Turning for home • The Spanish writer Julia Uceda, born in Seville and recipient, in 2003, of Spain’s National Poetry Award, died in July at the age of ninety-eight. Her last book, the Poesías Completas, was released in 2023. She was invited to the United States to teach at Michigan State University and stayed on, writing mid-career collections there, and returning to Spain in 1970. Later she taught in Dublin, but settled permanently back in Spain, in Galicia, in 1970. ‘I have wandered all over the world, and I have come back again,’ she said at the launch of her last book. ‘When I was very small, only a few years old, if they were years, I asked my parents, “tell me, where was I before I was here?” That “here” has been very long, I don’t know how much further I’ll go or where I’ll get to, it’s all the same to me, because I have to keep on this path, but I’m returning to the place I came from before I was here.’
Fiona Bennett • Fiona Bennett, inspirational founder of The Poetry Exchange, has died after a short illness.
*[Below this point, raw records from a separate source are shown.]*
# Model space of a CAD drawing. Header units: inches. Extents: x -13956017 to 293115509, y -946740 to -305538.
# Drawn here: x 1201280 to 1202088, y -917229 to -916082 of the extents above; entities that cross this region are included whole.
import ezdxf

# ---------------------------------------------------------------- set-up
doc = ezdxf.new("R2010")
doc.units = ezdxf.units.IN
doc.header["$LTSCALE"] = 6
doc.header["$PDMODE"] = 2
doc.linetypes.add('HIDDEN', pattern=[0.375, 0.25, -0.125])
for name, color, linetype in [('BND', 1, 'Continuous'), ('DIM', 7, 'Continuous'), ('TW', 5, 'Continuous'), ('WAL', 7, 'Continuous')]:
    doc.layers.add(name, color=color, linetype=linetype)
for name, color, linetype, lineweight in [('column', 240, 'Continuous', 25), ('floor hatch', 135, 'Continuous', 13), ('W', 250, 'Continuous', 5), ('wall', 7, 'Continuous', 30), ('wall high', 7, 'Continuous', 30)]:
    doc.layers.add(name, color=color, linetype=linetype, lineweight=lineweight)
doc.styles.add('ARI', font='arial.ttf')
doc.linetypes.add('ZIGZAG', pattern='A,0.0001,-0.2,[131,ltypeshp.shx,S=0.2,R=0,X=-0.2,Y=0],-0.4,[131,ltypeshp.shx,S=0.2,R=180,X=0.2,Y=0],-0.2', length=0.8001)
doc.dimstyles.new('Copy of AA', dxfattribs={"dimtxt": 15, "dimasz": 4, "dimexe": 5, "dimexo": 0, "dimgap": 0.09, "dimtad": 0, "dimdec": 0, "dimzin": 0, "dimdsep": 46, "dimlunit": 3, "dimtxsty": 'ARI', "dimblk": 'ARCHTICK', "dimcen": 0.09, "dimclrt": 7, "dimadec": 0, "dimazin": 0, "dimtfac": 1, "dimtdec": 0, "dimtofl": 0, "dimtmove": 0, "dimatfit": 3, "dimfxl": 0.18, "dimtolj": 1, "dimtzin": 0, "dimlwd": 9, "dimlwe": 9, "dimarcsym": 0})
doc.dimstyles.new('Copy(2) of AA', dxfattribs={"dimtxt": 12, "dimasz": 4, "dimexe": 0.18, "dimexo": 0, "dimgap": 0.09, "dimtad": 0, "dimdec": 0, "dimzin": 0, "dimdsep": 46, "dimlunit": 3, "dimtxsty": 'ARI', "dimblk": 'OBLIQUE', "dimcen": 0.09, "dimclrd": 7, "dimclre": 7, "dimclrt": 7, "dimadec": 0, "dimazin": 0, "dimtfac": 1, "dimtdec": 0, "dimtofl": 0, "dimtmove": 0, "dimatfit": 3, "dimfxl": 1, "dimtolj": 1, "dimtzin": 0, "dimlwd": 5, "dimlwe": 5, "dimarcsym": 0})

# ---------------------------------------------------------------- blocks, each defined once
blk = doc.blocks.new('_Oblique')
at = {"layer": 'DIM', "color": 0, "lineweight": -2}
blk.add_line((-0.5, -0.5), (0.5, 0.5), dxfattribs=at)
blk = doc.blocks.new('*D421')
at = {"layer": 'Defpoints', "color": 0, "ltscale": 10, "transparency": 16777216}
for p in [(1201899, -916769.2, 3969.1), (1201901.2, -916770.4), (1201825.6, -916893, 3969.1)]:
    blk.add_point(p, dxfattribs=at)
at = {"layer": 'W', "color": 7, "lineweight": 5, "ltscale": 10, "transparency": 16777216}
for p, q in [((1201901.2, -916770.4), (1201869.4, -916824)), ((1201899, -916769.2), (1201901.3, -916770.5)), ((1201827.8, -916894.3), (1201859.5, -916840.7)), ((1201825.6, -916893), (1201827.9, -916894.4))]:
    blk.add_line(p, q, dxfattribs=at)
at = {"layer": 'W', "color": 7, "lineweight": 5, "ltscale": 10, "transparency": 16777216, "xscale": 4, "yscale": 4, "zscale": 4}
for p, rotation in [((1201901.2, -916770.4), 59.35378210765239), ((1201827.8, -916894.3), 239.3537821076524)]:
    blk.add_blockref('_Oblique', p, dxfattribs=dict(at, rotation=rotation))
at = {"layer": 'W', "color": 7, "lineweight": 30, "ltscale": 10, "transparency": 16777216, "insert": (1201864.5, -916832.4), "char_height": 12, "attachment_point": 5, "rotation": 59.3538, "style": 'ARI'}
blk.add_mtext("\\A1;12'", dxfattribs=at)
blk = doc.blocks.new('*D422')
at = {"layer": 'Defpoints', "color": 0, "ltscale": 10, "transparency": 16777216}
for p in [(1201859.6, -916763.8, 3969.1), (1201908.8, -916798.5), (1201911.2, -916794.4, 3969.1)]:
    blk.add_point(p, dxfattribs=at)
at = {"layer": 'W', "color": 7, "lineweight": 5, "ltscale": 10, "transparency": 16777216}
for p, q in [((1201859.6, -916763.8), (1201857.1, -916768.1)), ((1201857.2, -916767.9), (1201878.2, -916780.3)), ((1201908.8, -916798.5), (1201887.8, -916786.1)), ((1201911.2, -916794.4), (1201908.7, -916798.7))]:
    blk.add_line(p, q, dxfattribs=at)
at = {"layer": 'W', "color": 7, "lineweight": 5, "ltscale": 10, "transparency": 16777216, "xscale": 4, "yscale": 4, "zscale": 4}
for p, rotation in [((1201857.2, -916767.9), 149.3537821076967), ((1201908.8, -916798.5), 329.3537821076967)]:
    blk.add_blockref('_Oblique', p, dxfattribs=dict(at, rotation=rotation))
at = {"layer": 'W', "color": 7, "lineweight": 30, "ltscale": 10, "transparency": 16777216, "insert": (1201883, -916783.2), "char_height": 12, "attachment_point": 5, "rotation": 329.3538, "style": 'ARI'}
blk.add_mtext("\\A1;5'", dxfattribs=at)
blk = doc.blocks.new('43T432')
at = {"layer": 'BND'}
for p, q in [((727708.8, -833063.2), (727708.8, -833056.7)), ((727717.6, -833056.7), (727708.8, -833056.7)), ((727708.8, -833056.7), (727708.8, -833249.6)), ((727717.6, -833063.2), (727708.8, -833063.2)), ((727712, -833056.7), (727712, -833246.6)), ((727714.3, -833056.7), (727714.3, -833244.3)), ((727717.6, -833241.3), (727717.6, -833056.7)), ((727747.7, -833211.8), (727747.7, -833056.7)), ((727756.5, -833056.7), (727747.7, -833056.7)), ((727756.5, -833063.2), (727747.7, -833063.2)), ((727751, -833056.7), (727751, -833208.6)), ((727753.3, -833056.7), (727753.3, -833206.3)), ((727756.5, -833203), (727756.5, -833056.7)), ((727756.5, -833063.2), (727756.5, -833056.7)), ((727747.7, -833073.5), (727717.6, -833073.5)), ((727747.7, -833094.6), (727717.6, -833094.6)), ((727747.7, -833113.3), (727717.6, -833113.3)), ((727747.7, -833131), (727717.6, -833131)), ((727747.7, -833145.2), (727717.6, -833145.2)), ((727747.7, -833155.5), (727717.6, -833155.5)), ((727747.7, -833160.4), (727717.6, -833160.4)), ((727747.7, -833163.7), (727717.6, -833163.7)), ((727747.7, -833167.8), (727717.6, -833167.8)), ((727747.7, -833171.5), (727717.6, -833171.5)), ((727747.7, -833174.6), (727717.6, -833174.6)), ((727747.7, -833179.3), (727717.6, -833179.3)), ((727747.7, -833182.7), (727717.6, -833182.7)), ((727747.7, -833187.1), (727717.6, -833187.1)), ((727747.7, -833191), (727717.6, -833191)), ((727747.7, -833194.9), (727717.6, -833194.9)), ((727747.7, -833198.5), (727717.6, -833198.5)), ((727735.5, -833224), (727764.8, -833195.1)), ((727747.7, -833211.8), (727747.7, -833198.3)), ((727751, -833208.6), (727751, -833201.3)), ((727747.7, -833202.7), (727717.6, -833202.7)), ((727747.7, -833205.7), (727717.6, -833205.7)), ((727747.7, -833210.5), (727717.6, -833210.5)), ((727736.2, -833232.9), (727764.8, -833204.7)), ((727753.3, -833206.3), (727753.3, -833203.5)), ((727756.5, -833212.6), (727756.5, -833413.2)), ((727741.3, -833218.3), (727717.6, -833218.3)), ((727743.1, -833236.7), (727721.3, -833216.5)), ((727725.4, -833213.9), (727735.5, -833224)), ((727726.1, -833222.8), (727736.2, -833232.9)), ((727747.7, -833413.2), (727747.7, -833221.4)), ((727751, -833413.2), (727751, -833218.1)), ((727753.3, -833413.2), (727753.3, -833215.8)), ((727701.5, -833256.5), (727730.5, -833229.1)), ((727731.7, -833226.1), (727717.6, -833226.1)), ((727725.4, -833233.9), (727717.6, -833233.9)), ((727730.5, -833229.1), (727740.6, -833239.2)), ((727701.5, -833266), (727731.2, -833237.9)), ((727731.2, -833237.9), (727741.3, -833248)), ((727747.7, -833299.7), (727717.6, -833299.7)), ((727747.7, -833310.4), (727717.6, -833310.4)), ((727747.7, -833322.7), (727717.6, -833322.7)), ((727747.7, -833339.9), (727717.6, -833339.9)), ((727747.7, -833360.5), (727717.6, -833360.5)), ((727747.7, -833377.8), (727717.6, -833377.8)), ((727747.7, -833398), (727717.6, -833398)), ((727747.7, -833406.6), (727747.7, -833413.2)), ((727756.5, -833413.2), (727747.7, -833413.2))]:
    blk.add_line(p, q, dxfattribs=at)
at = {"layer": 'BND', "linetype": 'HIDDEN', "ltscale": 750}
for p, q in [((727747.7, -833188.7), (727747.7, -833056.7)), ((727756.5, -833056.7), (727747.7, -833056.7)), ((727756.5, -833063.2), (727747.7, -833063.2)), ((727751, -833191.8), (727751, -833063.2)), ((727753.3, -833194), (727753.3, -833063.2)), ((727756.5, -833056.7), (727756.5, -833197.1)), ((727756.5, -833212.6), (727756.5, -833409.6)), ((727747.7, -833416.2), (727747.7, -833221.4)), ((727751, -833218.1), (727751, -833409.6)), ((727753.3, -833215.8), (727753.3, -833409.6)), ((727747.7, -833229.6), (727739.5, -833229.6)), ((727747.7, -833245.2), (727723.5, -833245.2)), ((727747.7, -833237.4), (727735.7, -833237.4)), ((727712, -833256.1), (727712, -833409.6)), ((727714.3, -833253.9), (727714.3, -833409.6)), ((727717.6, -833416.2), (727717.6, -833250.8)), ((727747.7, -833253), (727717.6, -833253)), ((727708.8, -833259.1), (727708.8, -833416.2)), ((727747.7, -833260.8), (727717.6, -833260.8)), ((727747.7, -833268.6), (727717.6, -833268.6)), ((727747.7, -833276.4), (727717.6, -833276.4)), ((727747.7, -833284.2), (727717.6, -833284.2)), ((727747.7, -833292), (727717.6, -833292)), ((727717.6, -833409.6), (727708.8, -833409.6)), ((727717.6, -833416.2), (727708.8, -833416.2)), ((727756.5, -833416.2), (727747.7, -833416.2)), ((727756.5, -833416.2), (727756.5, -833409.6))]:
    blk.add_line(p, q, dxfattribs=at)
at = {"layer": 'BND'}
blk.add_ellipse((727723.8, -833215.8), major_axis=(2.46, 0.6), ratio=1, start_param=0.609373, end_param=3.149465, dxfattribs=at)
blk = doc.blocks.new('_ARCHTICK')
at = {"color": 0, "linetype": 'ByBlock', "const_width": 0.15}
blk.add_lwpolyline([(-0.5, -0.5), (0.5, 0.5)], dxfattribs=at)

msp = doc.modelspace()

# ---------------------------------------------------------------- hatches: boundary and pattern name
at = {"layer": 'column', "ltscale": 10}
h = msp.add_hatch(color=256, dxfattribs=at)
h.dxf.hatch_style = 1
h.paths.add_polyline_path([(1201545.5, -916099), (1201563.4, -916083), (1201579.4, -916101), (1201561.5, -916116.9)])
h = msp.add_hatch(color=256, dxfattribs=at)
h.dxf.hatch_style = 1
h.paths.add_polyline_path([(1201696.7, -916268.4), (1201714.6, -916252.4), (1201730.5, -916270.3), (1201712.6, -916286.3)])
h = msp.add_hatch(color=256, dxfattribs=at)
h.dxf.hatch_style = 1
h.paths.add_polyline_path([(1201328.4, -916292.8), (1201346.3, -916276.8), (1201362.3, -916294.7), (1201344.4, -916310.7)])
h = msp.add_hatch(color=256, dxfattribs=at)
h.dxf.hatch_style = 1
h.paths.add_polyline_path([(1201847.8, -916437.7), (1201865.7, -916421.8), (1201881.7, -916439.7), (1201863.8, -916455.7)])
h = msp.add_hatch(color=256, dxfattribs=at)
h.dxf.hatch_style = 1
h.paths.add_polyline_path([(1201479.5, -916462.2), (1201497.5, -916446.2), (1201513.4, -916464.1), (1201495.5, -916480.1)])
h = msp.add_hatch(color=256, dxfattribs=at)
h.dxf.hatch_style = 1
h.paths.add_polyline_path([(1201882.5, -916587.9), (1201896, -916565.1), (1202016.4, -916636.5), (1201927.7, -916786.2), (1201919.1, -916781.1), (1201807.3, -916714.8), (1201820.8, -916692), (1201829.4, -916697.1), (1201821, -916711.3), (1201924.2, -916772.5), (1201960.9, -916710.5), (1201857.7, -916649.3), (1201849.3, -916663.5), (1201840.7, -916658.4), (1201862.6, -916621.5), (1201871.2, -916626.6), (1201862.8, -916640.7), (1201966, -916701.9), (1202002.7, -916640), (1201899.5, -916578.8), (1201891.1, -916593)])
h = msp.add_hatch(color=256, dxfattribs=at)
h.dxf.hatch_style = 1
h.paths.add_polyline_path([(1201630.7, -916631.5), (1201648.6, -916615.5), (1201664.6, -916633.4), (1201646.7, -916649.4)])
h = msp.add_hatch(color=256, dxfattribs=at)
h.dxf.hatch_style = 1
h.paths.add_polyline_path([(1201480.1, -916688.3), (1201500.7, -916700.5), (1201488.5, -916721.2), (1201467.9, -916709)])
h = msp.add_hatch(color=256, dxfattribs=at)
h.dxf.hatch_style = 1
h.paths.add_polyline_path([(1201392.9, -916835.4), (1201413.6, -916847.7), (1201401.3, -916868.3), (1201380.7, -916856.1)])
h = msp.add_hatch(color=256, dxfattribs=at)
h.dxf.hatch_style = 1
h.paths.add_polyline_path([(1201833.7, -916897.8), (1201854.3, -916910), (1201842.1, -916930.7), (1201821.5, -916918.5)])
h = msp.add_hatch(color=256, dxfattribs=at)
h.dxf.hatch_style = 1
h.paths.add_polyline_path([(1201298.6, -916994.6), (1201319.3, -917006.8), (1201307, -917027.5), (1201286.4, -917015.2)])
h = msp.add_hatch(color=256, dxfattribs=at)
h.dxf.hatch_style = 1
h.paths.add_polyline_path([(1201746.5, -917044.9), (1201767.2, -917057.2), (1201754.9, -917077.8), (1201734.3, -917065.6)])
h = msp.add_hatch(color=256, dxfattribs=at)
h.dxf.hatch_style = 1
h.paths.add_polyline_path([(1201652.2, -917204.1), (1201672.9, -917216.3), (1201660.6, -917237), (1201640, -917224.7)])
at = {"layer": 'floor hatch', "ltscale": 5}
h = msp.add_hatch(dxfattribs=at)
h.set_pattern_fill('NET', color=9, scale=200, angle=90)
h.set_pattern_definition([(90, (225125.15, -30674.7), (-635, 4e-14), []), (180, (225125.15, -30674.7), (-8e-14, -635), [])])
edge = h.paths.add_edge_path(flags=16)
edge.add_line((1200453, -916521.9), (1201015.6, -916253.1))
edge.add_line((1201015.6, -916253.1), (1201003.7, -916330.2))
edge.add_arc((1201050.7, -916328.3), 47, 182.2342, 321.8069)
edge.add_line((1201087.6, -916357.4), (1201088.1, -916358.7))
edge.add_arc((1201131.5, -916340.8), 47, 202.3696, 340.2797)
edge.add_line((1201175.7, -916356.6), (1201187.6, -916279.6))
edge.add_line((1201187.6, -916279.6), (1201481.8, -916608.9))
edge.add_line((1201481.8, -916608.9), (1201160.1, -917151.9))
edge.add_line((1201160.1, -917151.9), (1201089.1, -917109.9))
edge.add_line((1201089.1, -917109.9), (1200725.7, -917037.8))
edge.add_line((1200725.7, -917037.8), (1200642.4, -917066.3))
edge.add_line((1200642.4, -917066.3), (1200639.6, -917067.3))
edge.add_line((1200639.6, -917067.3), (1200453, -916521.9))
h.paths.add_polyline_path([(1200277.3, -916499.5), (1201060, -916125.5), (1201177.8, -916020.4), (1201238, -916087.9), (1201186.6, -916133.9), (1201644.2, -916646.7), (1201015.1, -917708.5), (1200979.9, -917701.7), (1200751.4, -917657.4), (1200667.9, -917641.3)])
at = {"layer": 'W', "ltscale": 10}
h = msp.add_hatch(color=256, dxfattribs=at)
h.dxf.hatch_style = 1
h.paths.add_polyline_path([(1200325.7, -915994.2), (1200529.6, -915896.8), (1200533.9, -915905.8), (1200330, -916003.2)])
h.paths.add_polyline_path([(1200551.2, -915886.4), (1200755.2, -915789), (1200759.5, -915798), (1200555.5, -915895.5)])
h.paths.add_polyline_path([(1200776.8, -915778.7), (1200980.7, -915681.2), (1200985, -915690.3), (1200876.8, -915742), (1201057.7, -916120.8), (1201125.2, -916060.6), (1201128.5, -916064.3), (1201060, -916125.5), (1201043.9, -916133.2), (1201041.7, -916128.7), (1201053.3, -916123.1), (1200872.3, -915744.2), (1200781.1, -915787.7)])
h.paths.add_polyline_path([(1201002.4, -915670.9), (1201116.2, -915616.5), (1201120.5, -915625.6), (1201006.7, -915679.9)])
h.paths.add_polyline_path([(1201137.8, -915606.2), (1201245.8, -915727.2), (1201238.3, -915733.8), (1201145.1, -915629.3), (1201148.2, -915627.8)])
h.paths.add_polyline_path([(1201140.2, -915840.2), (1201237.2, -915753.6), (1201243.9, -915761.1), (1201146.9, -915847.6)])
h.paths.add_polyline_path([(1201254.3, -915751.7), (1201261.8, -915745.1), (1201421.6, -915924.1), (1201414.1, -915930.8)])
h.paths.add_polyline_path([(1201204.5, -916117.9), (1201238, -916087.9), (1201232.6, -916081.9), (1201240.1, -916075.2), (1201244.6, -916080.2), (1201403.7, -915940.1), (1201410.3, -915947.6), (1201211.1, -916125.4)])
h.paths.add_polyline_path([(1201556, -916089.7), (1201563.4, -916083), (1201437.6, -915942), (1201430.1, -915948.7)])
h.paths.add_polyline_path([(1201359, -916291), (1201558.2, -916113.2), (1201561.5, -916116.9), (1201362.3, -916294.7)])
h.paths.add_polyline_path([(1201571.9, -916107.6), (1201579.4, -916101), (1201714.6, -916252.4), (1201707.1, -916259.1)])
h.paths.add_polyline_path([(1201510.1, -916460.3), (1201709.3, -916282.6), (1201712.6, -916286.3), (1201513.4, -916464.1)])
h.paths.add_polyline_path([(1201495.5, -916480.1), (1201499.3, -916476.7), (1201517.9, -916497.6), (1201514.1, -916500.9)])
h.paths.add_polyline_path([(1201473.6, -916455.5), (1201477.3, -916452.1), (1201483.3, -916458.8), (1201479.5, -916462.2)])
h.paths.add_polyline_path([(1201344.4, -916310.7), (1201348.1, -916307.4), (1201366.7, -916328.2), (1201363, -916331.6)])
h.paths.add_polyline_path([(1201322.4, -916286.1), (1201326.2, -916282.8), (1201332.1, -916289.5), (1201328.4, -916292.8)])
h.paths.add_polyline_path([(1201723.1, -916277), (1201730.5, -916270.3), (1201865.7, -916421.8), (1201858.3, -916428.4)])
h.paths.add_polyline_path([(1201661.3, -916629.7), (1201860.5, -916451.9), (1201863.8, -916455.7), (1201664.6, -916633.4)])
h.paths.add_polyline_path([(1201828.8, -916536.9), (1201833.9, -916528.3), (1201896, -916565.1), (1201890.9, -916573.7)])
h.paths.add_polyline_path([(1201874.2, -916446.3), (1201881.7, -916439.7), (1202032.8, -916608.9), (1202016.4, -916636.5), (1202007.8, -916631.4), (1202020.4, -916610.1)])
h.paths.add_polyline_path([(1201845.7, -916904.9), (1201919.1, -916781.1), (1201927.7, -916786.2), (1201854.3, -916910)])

A poet herself, as well as a theatre director, Fiona’s Poetry Exchange initiative, developed with her friend the actor Michael Shaeffer, led to an award-winning podcast and the ‘In the Company of Poems’ event series. The concept was simple: readers and poets shared stories of poems they relied on ‘as friends’. Her ingenious idea set up the kinds of conversations about poems that are vanishingly rare, close readings which engaged both head and heart, and which led to her ten-year anniversary anthology, Poems as Friends, published by Quercus just a few weeks before her diagnosis this summer.
Cowgirl poets • Tri-State Livestock News for 10 May previewed the thirty-eighth Annual Dakota Cowboy Gathering on 25–26 May at the Medora Community Center. The festivities were to be set going at 10am with ‘Ask a Cowgirl Poet’, a gathering of well-known cowgirl poet/singers Connie Gjermundson, Jo Lee Riley Lowman and Betty Lynn McCarthy to answer questions from an interviewer and the audience. The fiesta itself would get going with twenty-five or more entertainers, ‘a steady, fast moving pace of cowboy poets and western songs’. ‘Saturday night’s big main event kids off at 7:30pm, featuring Betty Lynn McCarthy of Buffalo, Missouri, Dorothy Vincent, Felton, Minnesota, Carson Houser of McClusky, North Dakota, and Jan Schiferl of Fordyce, Nebraska. Founder of the gathering, Bill Lowman, will handle the emcee chores.’ On Sunday the Cowboy Gospel singing was to start at 9am. Other artists performing were to include cowboy singer/bull rider Beni Paulson from North Dakota and old-time cowboy balladeer Kurt Rockeman of Great Falls, Montana. ‘Killdeer singer Patti Burian Ingman will emcee.’ Next year they should be invited to the South Bank Centre.
Banning books • The state of Utah officially banned thirteen books by seven authors, six of them women, from every public [state] school classroom and library, it was announced on 7 August. Margaret Atwood was fingered; also Judy Blume, Rupi Kaur and Sarah J. Maas. PEN America was fighting the ban. The listed books were forbidden under a new law that requires all of Utah’s public school districts to remove books if they are banned in three districts, or two school districts and five charter schools. The state has forty-one districts in total. The books were said to contain ‘pornographic or indecent’ material. This was an inaugural list: PEN expects the ban to be widened.
Banned books have to be ‘legally disposed of’, and ‘may not be sold or distributed’. Burning was not yet advised: dumpsters and composting, perhaps.
This item is taken from PN Review 279, Volume 51 Number 1, September - October 2024.